3) In the decoding stage, first from the input<BOS>At the start of the symbol, the symbol is,<BOS>the symbol is used as the starting symbol of each network training and is input into the first time step of the decoder network, and C is simultaneously input_mixSplicing with sign language embedded vocabulary, inputting into a decoder of the current time step, obtaining output after nonlinear operation of a gate control cycle network with a four-layer stacked residual error structure of the decoder, generating words with the maximum probability of the current time step through a layer of full-connection layer, and circularly decoding until meeting<End>And finishing the symbol, and finishing the generation of a complete sign language recognition sentence.
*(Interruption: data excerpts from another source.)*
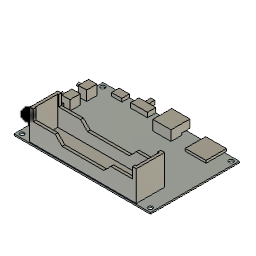
XAH-105 (Autodesk Fusion 360 design; units mm, degrees)
part number: 2025-10-06-10-12-29-326
Autodesk Fusion 360 part; units mm, degrees
sketch "Sketch1" plane through (0, 0, 0) normal (0, 0, 1) x (1, 0, 0)
sketch "Sketch2" plane through (0, 0, 0) normal (0, 0, 1) x (1, 0, 0)
  line L0 (49.015, -31.96) -> (-49.015, -31.96)
  line L1 (-49.015, -31.96) -> (-49.015, 31.96)
  line L2 (-49.015, 31.96) -> (49.015, 31.96)
  line L3 (49.015, 31.96) -> (49.015, -31.96)
  line L4 (49.015, -31.96) -> (-49.015, 31.96) construction
  line L5 (-49.015, -31.96) -> (49.015, 31.96) construction
  dimension "d1" = 98.03
  dimension "d2" = 63.92
  constraint horizontal L0
  constraint perpendicular L0 L1
  constraint parallel L0 L2
  constraint parallel L1 L3
  constraint coincident L4 origin
  constraint coincident L5 origin
  measures "d1" distance of L1.end L2.end
  measures "d2" distance of L0.end L1.end
extrude "Extrude1" add sketch "Sketch2" along normal blind 1.14
sketch "Sketch3" plane through (0, 0, 1.14) normal (0, 0, 1) x (-1, 0, 0)
  line L0 (-49.015, -31.96) -> (49.015, -31.96)
  line L1 (49.015, -31.96) -> (49.015, 31.96)
  line L2 (49.015, 31.96) -> (-49.015, 31.96)
  line L3 (-49.015, 31.96) -> (-49.015, -31.96)
  line L4 (-49.015, 31.96) -> (-38.345, 31.96) construction
  line L5 (49.015, 31.96) -> (38.345, 31.96) construction
  line L6 (38.345, 31.38) -> (38.345, 11.1)
  line L7 (38.345, 11.1) -> (-38.345, 11.1)
  line L8 (-38.345, 11.1) -> (-38.345, 31.38)
  line L9 (38.345, 31.96) -> (-38.345, 31.96)
  circle A0 centre (46.105, -28.98) radius 1.58
  circle A1 centre (46.105, 28.98) radius 1.58
  circle A2 centre (-46.035, -28.98) radius 1.58
  circle A3 centre (-46.035, 28.98) radius 1.58
  line L10 (38.345, 31.38) -> (-38.345, 31.38)
  dimension "d5" = 10.67
  dimension "d6" = 10.67
  dimension "d7" = 2.91
  dimension "d8" = 2.98
  dimension "d9" = 3.16
  dimension "d12" = 3.16
  dimension "d13" = 3.16
  dimension "d14" = 3.16
  dimension "d15" = 2.98
  dimension "d16" = 2.98
  dimension "d17" = 2.98
  dimension "d18" = 2.98
  dimension "d19" = 2.91
  dimension "d20" = 2.98
  dimension "d38" = 20.86
  dimension "d39" = 0.58
  constraint coincident L2.end L3.start
  constraint perpendicular L3 L4
  constraint coincident L1.end L2.start
  constraint perpendicular L1 L5
  constraint perpendicular L5 L6
  constraint perpendicular L6 L7
  constraint perpendicular L4 L8
  constraint perpendicular L8 L10
  measures "d5" distance of L2.end L4.end
  measures "d6" distance of L1.end L5.end
  measures "d7" distance of L1 A0.centre
  measures "d8" distance of L0 A0.centre
  measures "d9" diameter of A0
  measures "d12" diameter of A1
  measures "d13" diameter of A2
  measures "d14" diameter of A3
  measures "d15" distance of L3 A3.centre
  measures "d16" distance of L4 A3.centre
  measures "d17" distance of L3 A2.centre
  measures "d18" distance of L0 A2.centre
  measures "d19" distance of L1 A1.centre
  measures "d20" distance of L5 A1.centre
  measures "d38" distance of L5.end L6.end
  measures "d39" distance of L5.end L6.start
extrude "Extrude2" add sketch "Sketch3" along normal blind 21.58 contours L6 L7 L8 L10 | A0 | A1 | A2 | A3
sketch "Sketch5" plane through (0, 0, 1.14) normal (0, 0, 1) x (-1, 0, 0)
  circle A0 centre (46.105, 28.98) radius 1.58
  circle A1 centre (-46.035, -28.98) radius 1.58
  circle A2 centre (46.105, -28.98) radius 1.58
  circle A3 centre (-46.035, 28.98) radius 1.58
  line L0 (-49.015, -31.96) -> (49.015, -31.96)
  line L1 (49.015, -31.96) -> (49.015, 31.96)
  line L2 (49.015, 31.96) -> (-49.015, 31.96)
  line L3 (-49.015, 31.96) -> (-49.015, -31.96)
  line L4 (49.015, 31.96) -> (49.015, 21.71) construction
  line L5 (49.015, 21.71) -> (42.975, 21.71)
  line L6 (42.975, 21.71) -> (42.975, 14.26)
  line L7 (42.975, 14.26) -> (49.015, 14.26)
  line L8 (43.7525, 14.26) -> (43.7525, 9.51) construction
  line L9 (49.015, 9.74) -> (42.975, 9.74)
  line L10 (42.975, 9.74) -> (42.975, 2.29)
  line L11 (42.975, 2.29) -> (49.015, 2.29)
  line L12 (49.015, 2.29) -> (49.015, 9.74)
  line L13 (49.015, 9.74) -> (42.975, 9.74)
  line L14 (43.8683, 2.29) -> (43.8683, -2.46) construction
  line L15 (49.015, -2.23) -> (42.975, -2.23)
  line L16 (42.975, -2.23) -> (42.975, -9.68)
  line L17 (42.975, -9.68) -> (49.015, -9.68)
  line L18 (43.9024, -9.68) -> (43.9024, -14.43) construction
  line L19 (49.015, -14.2) -> (42.975, -14.2)
  line L20 (42.975, -14.2) -> (42.975, -21.65)
  line L21 (42.975, -21.65) -> (49.015, -21.65)
  line L22 (38.345, 11.1) -> (-38.345, 11.1)
  line L23 (-38.345, 11.1) -> (-38.345, 31.38)
  line L24 (-38.345, 31.38) -> (38.345, 31.38)
  line L25 (38.345, 31.38) -> (38.345, 11.1)
  dimension "d21" = 10.25
  dimension "d22" = 6.04
  dimension "d23" = 7.45
  dimension "d24" = 4.75
  dimension "d25" = 7.45
  dimension "d26" = 4.75
  dimension "d27" = 6.04
  dimension "d28" = 7.45
  dimension "d29" = 4.75
  dimension "d30" = 6.04
  dimension "d31" = 7.45
  dimension "d32" = 6.04
  dimension "d33" = 4.52
  dimension "d34" = 4.52
  dimension "d35" = 4.52
  constraint coincident L1.end L2.start
  constraint perpendicular L2 L4
  constraint perpendicular L4 L5
  constraint perpendicular L5 L6
  constraint coincident L1 L7.end
  constraint perpendicular L1 L7
  constraint coincident L7 L8.start
  constraint perpendicular L7 L8
  constraint coincident L1 L9.start
  constraint perpendicular L6 L9
  constraint perpendicular L9 L10
  constraint coincident L1 L11.end
  constraint perpendicular L1 L11
  constraint coincident L11 L14.start
  constraint perpendicular L11 L14
  constraint coincident L1 L15.start
  constraint perpendicular L14 L15
  constraint perpendicular L15 L16
  constraint coincident L1 L17.end
  constraint perpendicular L1 L17
  constraint coincident L17 L18.start
  constraint perpendicular L17 L18
  constraint coincident L1 L19.start
  constraint perpendicular L18 L19
  constraint perpendicular L19 L20
  constraint coincident L1 L21.end
  constraint perpendicular L1 L21
  measures "d21" distance of L1.end L4.end
  measures "d22" distance of L4.end L5.end
  measures "d23" distance of L5.end L6.end
  measures "d24" distance of L8.start L8.end
  measures "d25" distance of L9.end L10.end
  measures "d26" distance of L14.start L14.end
  measures "d27" distance of L15.start L15.end
  measures "d28" distance of L15.end L16.end
  measures "d29" distance of L18.start L18.end
  measures "d30" distance of L19.start L19.end
  measures "d31" distance of L19.end L20.end
  measures "d32" distance of L10 L12
  measures "d33" distance of L7 L9
  measures "d34" distance of L11 L15
  measures "d35" distance of L17 L19
extrude "Extrude3" add sketch "Sketch5" along normal blind 7.09 contours L1 L19 L20 L21 | L1 L5 L6 L7 | L1 L15 L16 L17 | L1 L9 L10 L11 L12 L13
extrude "Extrude4" cut 4 faces at (-45.3311, -29.4935, 22.72) (45.7717, -28.3669, 22.72) (45.7717, 29.5931, 22.72) (-45.3311, 28.4665, 22.72) along direction (0, 0, -1) blind 35
sketch "Sketch6" plane through (0, 0, 8.23) normal (0, 0, 1) x (-1, 0, 0)
  line L0 (42.975, 14.26) -> (49.015, 14.26)
  line L1 (49.015, 14.26) -> (49.015, 21.71)
  line L2 (49.015, 21.71) -> (42.975, 21.71)
  line L3 (42.975, 21.71) -> (42.975, 14.26)
  line L4 (49.015, 21.71) -> (46.905, 21.71) construction
  dimension "d42" = 2.11
  constraint coincident L1.end L2.start
  constraint perpendicular L1 L4
  measures "d42" distance of L1.end L4.end
shell "Shell1" thickness 2 removed faces 1 at (-12.7817, -17.86, 22.72)
sketch "Sketch7" plane through (0, -11.1, 0) normal (0, 1, 0) x (-1, 0, 0)
  line L0 (-38.345, 1.14) -> (38.345, 1.14)
  line L1 (38.345, 1.14) -> (38.345, 22.72)
  line L2 (38.345, 22.72) -> (-38.345, 22.72)
  line L3 (-38.345, 22.72) -> (-38.345, 1.14)
  line L4 (-35.5042, 22.72) -> (-35.5042, 15)
  line L5 (-35.5042, 15) -> (-20, 15)
  line L6 (-20, 15) -> (-15, 10)
  line L7 (-15, 10) -> (15, 10)
  line L8 (15, 10) -> (20, 15)
  line L9 (20, 15) -> (25, 15)
  line L10 (25, 15) -> (35.7465, 15)
  line L11 (35.7465, 15) -> (35.7465, 22.72)
  constraint coincident L2 L4.start
  constraint perpendicular L2 L4
  constraint perpendicular L4 L5
  constraint perpendicular L4 L7
  constraint perpendicular L6 L8
  constraint parallel L7 L9
  constraint parallel L9 L10
  constraint coincident L2 L11.end
  constraint perpendicular L2 L11
extrude "Extrude5" cut sketch "Sketch7" against normal blind 30 contours L2 L4 L5 L6 L7 L8 L9 L10 L11
sketch "Sketch8" plane through (0, -11.1, 0) normal (0, 1, 0) x (-1, 0, 0)
sketch "Sketch9" plane through (0, 0, 1.14) normal (0, 0, 1) x (-1, 0, 0)
  line L0 (42.975, -14.2) -> (49.015, -14.2)
  line L1 (49.015, -14.2) -> (49.015, -9.68)
  line L2 (49.015, -9.68) -> (42.975, -9.68)
  line L3 (42.975, -9.68) -> (42.975, -2.23)
  line L4 (42.975, -2.23) -> (49.015, -2.23)
  line L5 (49.015, -2.23) -> (49.015, 2.29)
  line L6 (49.015, 2.29) -> (42.975, 2.29)
  line L7 (42.975, 2.29) -> (42.975, 9.74)
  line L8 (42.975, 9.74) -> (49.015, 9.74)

2. The method as claimed in claim 1, wherein the language model generates natural language text conforming to the spoken language expression, and the language learning is performed by using a Transformer as the language model, so as to further obtain the result of continuous sign language translation, and the originally static position code is changed into a dynamically trainable position code in the Transformer structure.

3. The sign language recognition method of the weakly supervised neural network of the multi-layer time sequence attention fusion mechanism as claimed in claim 1 or 2, characterized in that a language model is built by using a pytorch deep learning framework, and configuration network parameters are set as follows, in a space embedding module of an encoder network, a convolutional neural network pre-trained on Imagenet is used to freeze all parameters on the convolutional neural network; using the resnet152 to pre-train the convolutional network, and using the output of the penultimate layer or the output of the last layer, adding two 2600-dimensional trainable residual fully-connected layers after the pre-trained convolutional neural network, and performing residual connection with the output of the following bidirectional gating cycle unit module; the hidden unit of the bidirectional gating cycle unit of the encoder is set to be 1300-dimensional, because past and future information is spliced, the output is 2600-dimensional, the hidden unit of each layer of the gating cycle network is also set to be 2600-dimensional, and therefore residual connection can be carried out; at the decoder stage, the word embedding dimension for sign language words is set to 256 and the network hidden unit dimension is set to 800 for each gated loop in the decoder.

4. The weakly supervised neural network sign language identification method of the multi-layer time series attention fusion mechanism as recited in claim 3, wherein a pitoch default Adam optimizer and a cross entropy loss function are adopted in the training process, each batch is set to be 10, the setting of the learning rate is divided into two stages, the first stage is carried out by using 0.00004, after the 8 th epoch, the learning rate is adjusted to be 0.000004, the training is continued for 6 epochs, and the convergence of neural network parameters is completed.